Data for this exercise:
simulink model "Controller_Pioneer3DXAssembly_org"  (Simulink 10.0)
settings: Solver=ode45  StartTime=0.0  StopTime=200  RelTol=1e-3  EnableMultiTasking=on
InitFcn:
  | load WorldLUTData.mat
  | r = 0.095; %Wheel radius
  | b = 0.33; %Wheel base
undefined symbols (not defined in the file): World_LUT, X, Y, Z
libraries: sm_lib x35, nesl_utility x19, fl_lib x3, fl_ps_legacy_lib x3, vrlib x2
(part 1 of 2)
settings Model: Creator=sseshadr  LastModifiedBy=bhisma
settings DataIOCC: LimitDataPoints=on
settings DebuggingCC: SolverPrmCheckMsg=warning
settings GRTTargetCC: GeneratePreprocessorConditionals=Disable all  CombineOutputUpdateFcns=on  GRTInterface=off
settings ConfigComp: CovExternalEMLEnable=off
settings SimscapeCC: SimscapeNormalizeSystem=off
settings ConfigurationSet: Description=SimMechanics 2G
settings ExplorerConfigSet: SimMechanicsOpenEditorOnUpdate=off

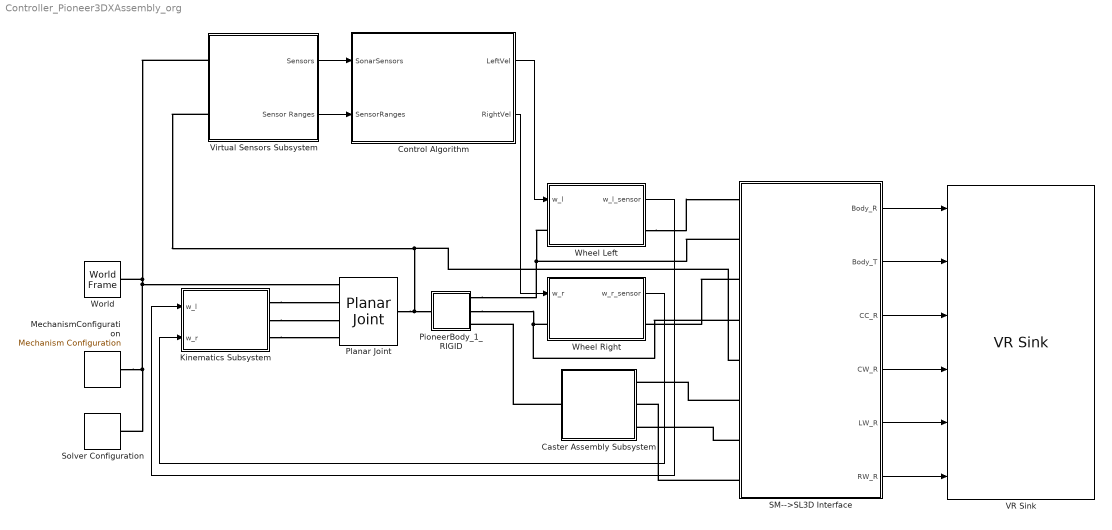
== system Controller_Pioneer3DXAssembly_org ==
  Caster Assembly Subsystem : Subsystem
  Control Algorithm : Stateflow chart  TreatAsAtomicUnit=on  mask{v0=1}
      mask prompts: v0 "Wheel Angular Velocity"
  Kinematics Subsystem : Subsystem
  MechanismConfiguration : sm_lib/Utilities/Mechanism Configuration  UniformGravity=Constant  GravityVector=[0 0 -9.81]  GravityUnits=m/s^2  LinearizationDelta=0.001
  PioneerBody_1_RIGID : Subsystem
  Planar Joint : sm_lib/Joints/Planar Joint  JointMode=Normal  SenseConstraintForce=off  SenseConstraintForceX=off  SenseConstraintForceY=off  SenseConstraintForceZ=off  SenseConstraintTorque=off  SenseConstraintTorqueX=off  SenseConstraintTorqueY=off  SenseConstraintTorqueZ=off  SenseTotalForce=off  SenseTotalForceX=off  SenseTotalForceY=off  SenseTotalForceZ=off  SenseTotalTorque=off  SenseTotalTorqueX=off  SenseTotalTorqueY=off  SenseTotalTorqueZ=off  CompositeWrenchDir=FollowerOnBase  CompositeWrenchFrame=BaseFrame  PxEquilibriumPosition=0  PxEquilibriumPositionUnits=m  PxSpringStiffness=0  PxSpringStiffnessUnits=N/m  PxDampingCoefficient=0  PxDampingCoefficientUnits=N/(m/s)  PxTorqueActuationMode=ComputedTorque  PxMotionActuationMode=InputMotion  PxSensePosition=off  PxSenseVelocity=off  PxSenseAcceleration=off  PxSenseTorqueForce=off  PxSenseLowerLimitTorqueForce=off  PxSenseUpperLimitTorqueForce=off  PxLowerLimitSpecify=off  PxLowerLimitBound=-1  PxLowerLimitBoundUnits=m  PxLowerLimitStiffness=1e6  PxLowerLimitStiffnessUnits=N/m  PxLowerLimitDamping=1e3  PxLowerLimitDampingUnits=N/(m/s)  PxLowerLimitTransitionRegionWidth=1e-4  PxLowerLimitTransitionRegionWidthUnits=m  PxUpperLimitSpecify=off  PxUpperLimitBound=1  PxUpperLimitBoundUnits=m  PxUpperLimitStiffness=1e6  PxUpperLimitStiffnessUnits=N/m  PxUpperLimitDamping=1e3  PxUpperLimitDampingUnits=N/(m/s)  PxUpperLimitTransitionRegionWidth=1e-4  PxUpperLimitTransitionRegionWidthUnits=m  PxPositionTargetSpecify=off  PxPositionTargetPriority=High  PxPositionTargetValue=0  PxPositionTargetValueUnits=m  PxVelocityTargetSpecify=off  PxVelocityTargetPriority=High  PxVelocityTargetValue=0  PxVelocityTargetValueUnits=m/s  PyEquilibriumPosition=0  PyEquilibriumPositionUnits=m  PySpringStiffness=0  PySpringStiffnessUnits=N/m  PyDampingCoefficient=0  PyDampingCoefficientUnits=N/(m/s)  PyTorqueActuationMode=ComputedTorque  PyMotionActuationMode=InputMotion  PySensePosition=off  PySenseVelocity=off  PySenseAcceleration=off  PySenseTorqueForce=off  PySenseLowerLimitTorqueForce=off  PySenseUpperLimitTorqueForce=off  PyLowerLimitSpecify=off  PyLowerLimitBound=-1  PyLowerLimitBoundUnits=m  PyLowerLimitStiffness=1e6  PyLowerLimitStiffnessUnits=N/m  PyLowerLimitDamping=1e3  PyLowerLimitDampingUnits=N/(m/s)  PyLowerLimitTransitionRegionWidth=1e-4  PyLowerLimitTransitionRegionWidthUnits=m  PyUpperLimitSpecify=off  PyUpperLimitBound=1  PyUpperLimitBoundUnits=m  PyUpperLimitStiffness=1e6  PyUpperLimitStiffnessUnits=N/m  PyUpperLimitDamping=1e3  PyUpperLimitDampingUnits=N/(m/s)  PyUpperLimitTransitionRegionWidth=1e-4  PyUpperLimitTransitionRegionWidthUnits=m  PyPositionTargetSpecify=off  PyPositionTargetPriority=High  PyPositionTargetValue=0  PyPositionTargetValueUnits=m  PyVelocityTargetSpecify=off  PyVelocityTargetPriority=High  PyVelocityTargetValue=0  PyVelocityTargetValueUnits=m/s  RzEquilibriumPosition=0  RzEquilibriumPositionUnits=deg  RzSpringStiffness=0  RzSpringStiffnessUnits=N*m/deg  RzDampingCoefficient=0  RzDampingCoefficientUnits=N*m/(deg/s)  RzTorqueActuationMode=ComputedTorque  RzMotionActuationMode=InputMotion  RzSensePosition=off  RzSenseVelocity=off  RzSenseAcceleration=off  RzSenseTorqueForce=off  RzSenseLowerLimitTorqueForce=off  RzSenseUpperLimitTorqueForce=off  RzLowerLimitSpecify=off  RzLowerLimitBound=-90  RzLowerLimitBoundUnits=deg  RzLowerLimitStiffness=1e4  RzLowerLimitStiffnessUnits=N*m/deg  RzLowerLimitDamping=10  RzLowerLimitDampingUnits=N*m/(deg/s)  RzLowerLimitTransitionRegionWidth=0.1  RzLowerLimitTransitionRegionWidthUnits=deg  RzUpperLimitSpecify=off  RzUpperLimitBound=90  RzUpperLimitBoundUnits=deg  RzUpperLimitStiffness=1e4  RzUpperLimitStiffnessUnits=N*m/deg  RzUpperLimitDamping=10  RzUpperLimitDampingUnits=N*m/(deg/s)  RzUpperLimitTransitionRegionWidth=0.1  RzUpperLimitTransitionRegionWidthUnits=deg  RzPositionTargetSpecify=off  RzPositionTargetPriority=High  RzPositionTargetValue=0  RzPositionTargetValueUnits=deg  RzVelocityTargetSpecify=off  RzVelocityTargetPriority=High  RzVelocityTargetValue=0  RzVelocityTargetValueUnits=deg/s
  SM-->SL3D Interface : Subsystem
  Solver Configuration : nesl_utility/Solver Configuration  PhysicalDomain=network_engine_domain  SubClassName=solver  LeftPortType=input  RightPortType=generic  Tones=[]  Harmonics=[]  SimulateNoise=off  Profile=off  UseLocalSampling=off  EnableSwitchedLinearOptims=on  FrequencyDomain=off  UseCCode=off  RelTol=0.001  AbsTol=1e-06  MinStep=1e-09  ToWorkspace=off  RevertToSquareIcSolve=off  NumHomotopyIterations=100  PhasorMode=off  PhasorModeNumHarmonics=1  DoDC=off  ResidualTolerance=1e-09  UseLocalSolver=off  LocalSolverChoice=NE_BACKWARD_EULER_ADVANCER  LocalSolverSampleTime=0.001  DoFixedCost=off  MaxNonlinIter=3  MaxModeIter=2  LinearAlgebra=Sparse  EquationFormulation=NE_TIME_EF  DelaysMemoryBudget=1024  AutomaticFiltering=on  FilteringTimeConstant=0.001  PartitionStorageMethod=AS_NEEDED  PartitionMemoryBudget=1024  PartitionMethod=FAST
  VR Sink : vrlib/VR Sink  InstantiateOnLoad=on  SampleTime=0.1  ViewEnable=on  RemoteChange=off  RemoteView=off  FieldsWritten=Body.rotation.4.1.1.double#Body.translation.3.1.1.double#CasterClamp.rotation.4.1.1.double#CasterWheel.rotation.4.1.1.double#LeftWheel.rotation.4.1.1.double#RightWheel.rotation.4.1.1.double  WorldFileName=PioneerWorldColor.wrl  AutoView=off  VideoDimensions=[]  AllowVariableSize=off  FigureProperties="{'Position', 'Name', 'Viewpoint', 'CameraBound', 'CameraDirection', 'CameraPosition', 'CameraUpVector', 'ZoomFactor', 'Antialiasing', 'Headlight', 'Lighting', 'NavPanel', 'StatusBar', 'ToolBar', 'Textures', 'Transparency', 'Triad', 'Wireframe', 'NavZones', 'NavMode', 'NavSpeed', 'CaptureFileFormat', 'CaptureFileName', 'Record2DCompressMethod', 'Record2DCompressQuality', 'Record2D', 'Record2DFileName', 'Record2DFPS'; [9.6500000000000000e+02   7.0000000000000000e+01   9.5200000000000000e+02   1.0310000000000000e+03], '', 'Env Front Near', 'on', [0.0000000000000000e+00   0.0000000000000000e+00  -1.0000000000000000e+00], [0.0000000000000000e+00   0.0000000000000000e+00   0.0000000000000000e+00], [0.0000000000000000e+00   1.0000000000000000e+00   0.0000000000000000e+00], [1.0000000000000000e+00], 'on', 'on', 'on', 'halfbar', 'on', 'on', 'on', 'on', 'none', 'off', 'off', 'fly', 'normal', 'tif', '%f_anim_%n.tif', 'auto', [7.5000000000000000e+01], 'off', '%f_anim_%n.avi', [1.5000000000000000e+01]}"
      settings: SourceProductName=Simulink
  Virtual Sensors Subsystem : Subsystem  mask{r_range=[450;500;500;500;500;500;500;450]}
      mask prompts: r_range "Range"
      mask DialogControl DescGroupVar Prompt: Virtual Sensors Subsystem
      mask DialogControl DescTextVar Prompt: Enter SONAR Range for the front sensors left to right as an array for in millimeters for e.g. [250;500;500;500;500;500;500;250]
  Wheel Left : Subsystem
  Wheel Right : Subsystem
  World : sm_lib/Frames and Transforms/World Frame
  wires:
  Control Algorithm/1(LeftVel) -> Wheel Left/1(w_l)
  Control Algorithm/2(RightVel) -> Wheel Right/1(w_r)
  Wheel Left/1(w_l_sensor) -> Kinematics Subsystem/1(w_l)
  Wheel Right/1(w_r_sensor) -> Kinematics Subsystem/2(w_r)
  Virtual Sensors Subsystem/1(Sensors) -> Control Algorithm/1(SonarSensors)
  Virtual Sensors Subsystem/2(Sensor Ranges) -> Control Algorithm/2(SensorRanges)
  SM-->SL3D Interface/1(Body_R) -> VR Sink/1
  SM-->SL3D Interface/6(RW_R) -> VR Sink/6
  SM-->SL3D Interface/5(LW_R) -> VR Sink/5
  SM-->SL3D Interface/3(CC_R) -> VR Sink/3
  SM-->SL3D Interface/4(CW_R) -> VR Sink/4
  SM-->SL3D Interface/2(Body_T) -> VR Sink/2
  connections:
  MechanismConfiguration/RConn1 -- Virtual Sensors Subsystem/LConn1 -- World/RConn1 -- Planar Joint/LConn1 -- Solver Configuration/RConn1
  PioneerBody_1_RIGID/RConn2 -- SM-->SL3D Interface/LConn4 -- Wheel Right/LConn1
  PioneerBody_1_RIGID/RConn1 -- Wheel Left/LConn1 -- SM-->SL3D Interface/LConn2
  Planar Joint/RConn1 -- SM-->SL3D Interface/LConn5 -- Virtual Sensors Subsystem/LConn2 -- PioneerBody_1_RIGID/LConn1
  Caster Assembly Subsystem/LConn1 -- PioneerBody_1_RIGID/RConn3
  Kinematics Subsystem/RConn1 -- Planar Joint/LConn2
  Kinematics Subsystem/RConn2 -- Planar Joint/LConn3
  Kinematics Subsystem/RConn3 -- Planar Joint/LConn4
  Wheel Left/RConn1 -- SM-->SL3D Interface/LConn1
  SM-->SL3D Interface/LConn3 -- Wheel Right/RConn1
  SM-->SL3D Interface/LConn6 -- Caster Assembly Subsystem/RConn1
  SM-->SL3D Interface/LConn8 -- Caster Assembly Subsystem/RConn2
  SM-->SL3D Interface/LConn7 -- Caster Assembly Subsystem/RConn3

== system Controller_Pioneer3DXAssembly_org/Caster Assembly Subsystem ==
  CasterWheelBody_1_RIGID : Subsystem
  CasterWheelClamp_1_RIGID : Subsystem
  Revolute : sm_lib/Joints/Revolute Joint  JointMode=Normal  SenseConstraintForce=off  SenseConstraintForceX=off  SenseConstraintForceY=off  SenseConstraintForceZ=off  SenseConstraintTorque=off  SenseConstraintTorqueX=off  SenseConstraintTorqueY=off  SenseConstraintTorqueZ=off  SenseTotalForce=off  SenseTotalForceX=off  SenseTotalForceY=off  SenseTotalForceZ=off  SenseTotalTorque=off  SenseTotalTorqueX=off  SenseTotalTorqueY=off  SenseTotalTorqueZ=off  CompositeWrenchDir=FollowerOnBase  CompositeWrenchFrame=BaseFrame  EquilibriumPosition=0  EquilibriumPositionUnits=rad  SpringStiffness=0  SpringStiffnessUnits=m*N/rad  DampingCoefficient=0  DampingCoefficientUnits=m*s*N/rad  TorqueActuationMode=NoTorque  MotionActuationMode=ComputedMotion  SensePosition=off  SenseVelocity=off  SenseAcceleration=off  SenseTorqueForce=off  SenseLowerLimitTorqueForce=off  SenseUpperLimitTorqueForce=off  LowerLimitSpecify=off  LowerLimitBound=-90  LowerLimitBoundUnits=deg  LowerLimitStiffness=1e4  LowerLimitStiffnessUnits=N*m/deg  LowerLimitDamping=10  LowerLimitDampingUnits=N*m/(deg/s)  LowerLimitTransitionRegionWidth=0.1  LowerLimitTransitionRegionWidthUnits=deg  UpperLimitSpecify=off  UpperLimitBound=90  UpperLimitBoundUnits=deg  UpperLimitStiffness=1e4  UpperLimitStiffnessUnits=N*m/deg  UpperLimitDamping=10  UpperLimitDampingUnits=N*m/(deg/s)  UpperLimitTransitionRegionWidth=0.1  UpperLimitTransitionRegionWidthUnits=deg  PositionTargetSpecify=on  PositionTargetPriority=Low  PositionTargetValue=0.2241061767810246  PositionTargetValueUnits=deg  VelocityTargetSpecify=off  VelocityTargetPriority=High  VelocityTargetValue=0  VelocityTargetValueUnits=deg/s
  Revolute1 : sm_lib/Joints/Revolute Joint  JointMode=Normal  SenseConstraintForce=off  SenseConstraintForceX=off  SenseConstraintForceY=off  SenseConstraintForceZ=off  SenseConstraintTorque=off  SenseConstraintTorqueX=off  SenseConstraintTorqueY=off  SenseConstraintTorqueZ=off  SenseTotalForce=off  SenseTotalForceX=off  SenseTotalForceY=off  SenseTotalForceZ=off  SenseTotalTorque=off  SenseTotalTorqueX=off  SenseTotalTorqueY=off  SenseTotalTorqueZ=off  CompositeWrenchDir=FollowerOnBase  CompositeWrenchFrame=BaseFrame  EquilibriumPosition=0  EquilibriumPositionUnits=rad  SpringStiffness=0  SpringStiffnessUnits=m*N/rad  DampingCoefficient=0  DampingCoefficientUnits=m*s*N/rad  TorqueActuationMode=NoTorque  MotionActuationMode=ComputedMotion  SensePosition=off  SenseVelocity=off  SenseAcceleration=off  SenseTorqueForce=off  SenseLowerLimitTorqueForce=off  SenseUpperLimitTorqueForce=off  LowerLimitSpecify=off  LowerLimitBound=-90  LowerLimitBoundUnits=deg  LowerLimitStiffness=1e4  LowerLimitStiffnessUnits=N*m/deg  LowerLimitDamping=10  LowerLimitDampingUnits=N*m/(deg/s)  LowerLimitTransitionRegionWidth=0.1  LowerLimitTransitionRegionWidthUnits=deg  UpperLimitSpecify=off  UpperLimitBound=90  UpperLimitBoundUnits=deg  UpperLimitStiffness=1e4  UpperLimitStiffnessUnits=N*m/deg  UpperLimitDamping=10  UpperLimitDampingUnits=N*m/(deg/s)  UpperLimitTransitionRegionWidth=0.1  UpperLimitTransitionRegionWidthUnits=deg  PositionTargetSpecify=on  PositionTargetPriority=Low  PositionTargetValue=0.06600758954149441  PositionTargetValueUnits=deg  VelocityTargetSpecify=off  VelocityTargetPriority=High  VelocityTargetValue=0  VelocityTargetValueUnits=deg/s
  CWCA : PMIOPort  Side=Left
  CWC : PMIOPort  Port=2  Side=Right
  CWBA : PMIOPort  Port=3  Side=Right
  CWB : PMIOPort  Port=4  Side=Right
  connections:
  Revolute1/LConn1 -- CWBA/RConn1 -- CasterWheelClamp_1_RIGID/RConn1
  CWCA/RConn1 -- Revolute/LConn1
  Revolute1/RConn1 -- CWB/RConn1 -- CasterWheelBody_1_RIGID/LConn1
  Revolute/RConn1 -- CWC/RConn1 -- CasterWheelClamp_1_RIGID/LConn1

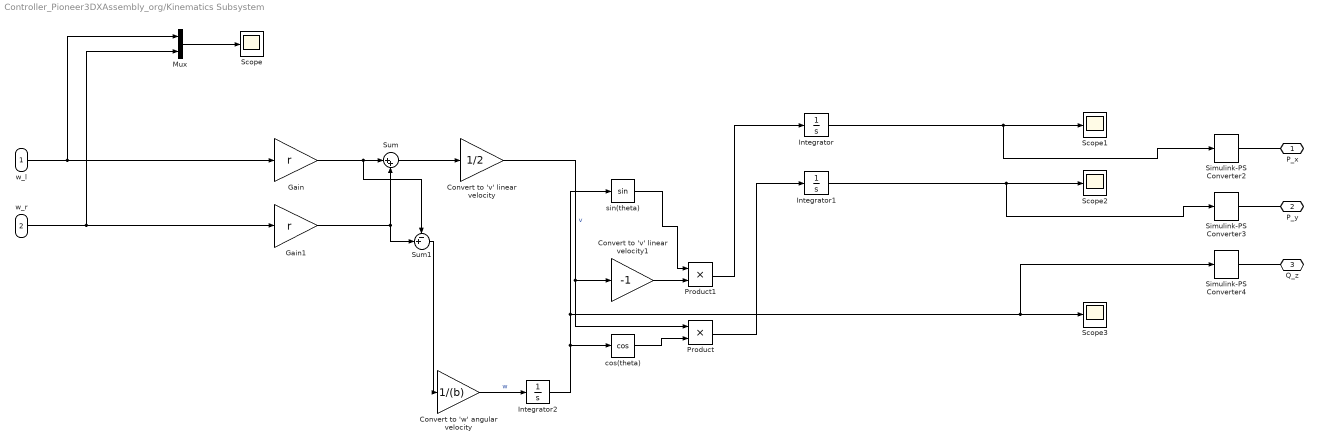
== system Controller_Pioneer3DXAssembly_org/Kinematics Subsystem ==
  w_l : Inport
  w_r : Inport  Port=2
  Convert to 'v' linear velocity : Gain  Gain=1/2
  Convert to 'v' linear velocity1 : Gain  Gain=-1
  Convert to 'w' angular velocity : Gain  Gain=1/(b)
  Gain : Gain  Gain=r
  Gain1 : Gain  Gain=r
  Integrator : Integrator
  Integrator1 : Integrator
  Integrator2 : Integrator
  Mux : Mux  Inputs=2
  Product : Product
  Product1 : Product
  Scope{,1..3} (4 alike) : Scope
  Simulink-PS Converter2 : nesl_utility/Simulink-PS Converter  PhysicalDomain=network_engine_domain  SubClassName=ps_input  LeftPortType=input  RightPortType=output  PseudoPeriodic=off  Frequencies=[]  NoiseDistribution=none  NoiseParameters=[]  Unit=1  AffineConversion=off  FilteringAndDerivatives=filter  SimscapeFilterOrder=2  InputFilterTimeConstant=0.01  UdotUserProvided=1
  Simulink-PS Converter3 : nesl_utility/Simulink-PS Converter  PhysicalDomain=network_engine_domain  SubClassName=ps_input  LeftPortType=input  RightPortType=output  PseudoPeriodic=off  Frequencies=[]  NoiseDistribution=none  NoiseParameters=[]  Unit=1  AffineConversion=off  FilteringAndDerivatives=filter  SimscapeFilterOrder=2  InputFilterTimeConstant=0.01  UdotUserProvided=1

What is needed: Return exactly the lines above from the line that has "Integrator : Integrator" through the line that has "alike) : Scope", inclusive, and nothing else.

Result below:
  Integrator : Integrator
  Integrator1 : Integrator
  Integrator2 : Integrator
  Mux : Mux  Inputs=2
  Product : Product
  Product1 : Product
  Scope{,1..3} (4 alike) : Scope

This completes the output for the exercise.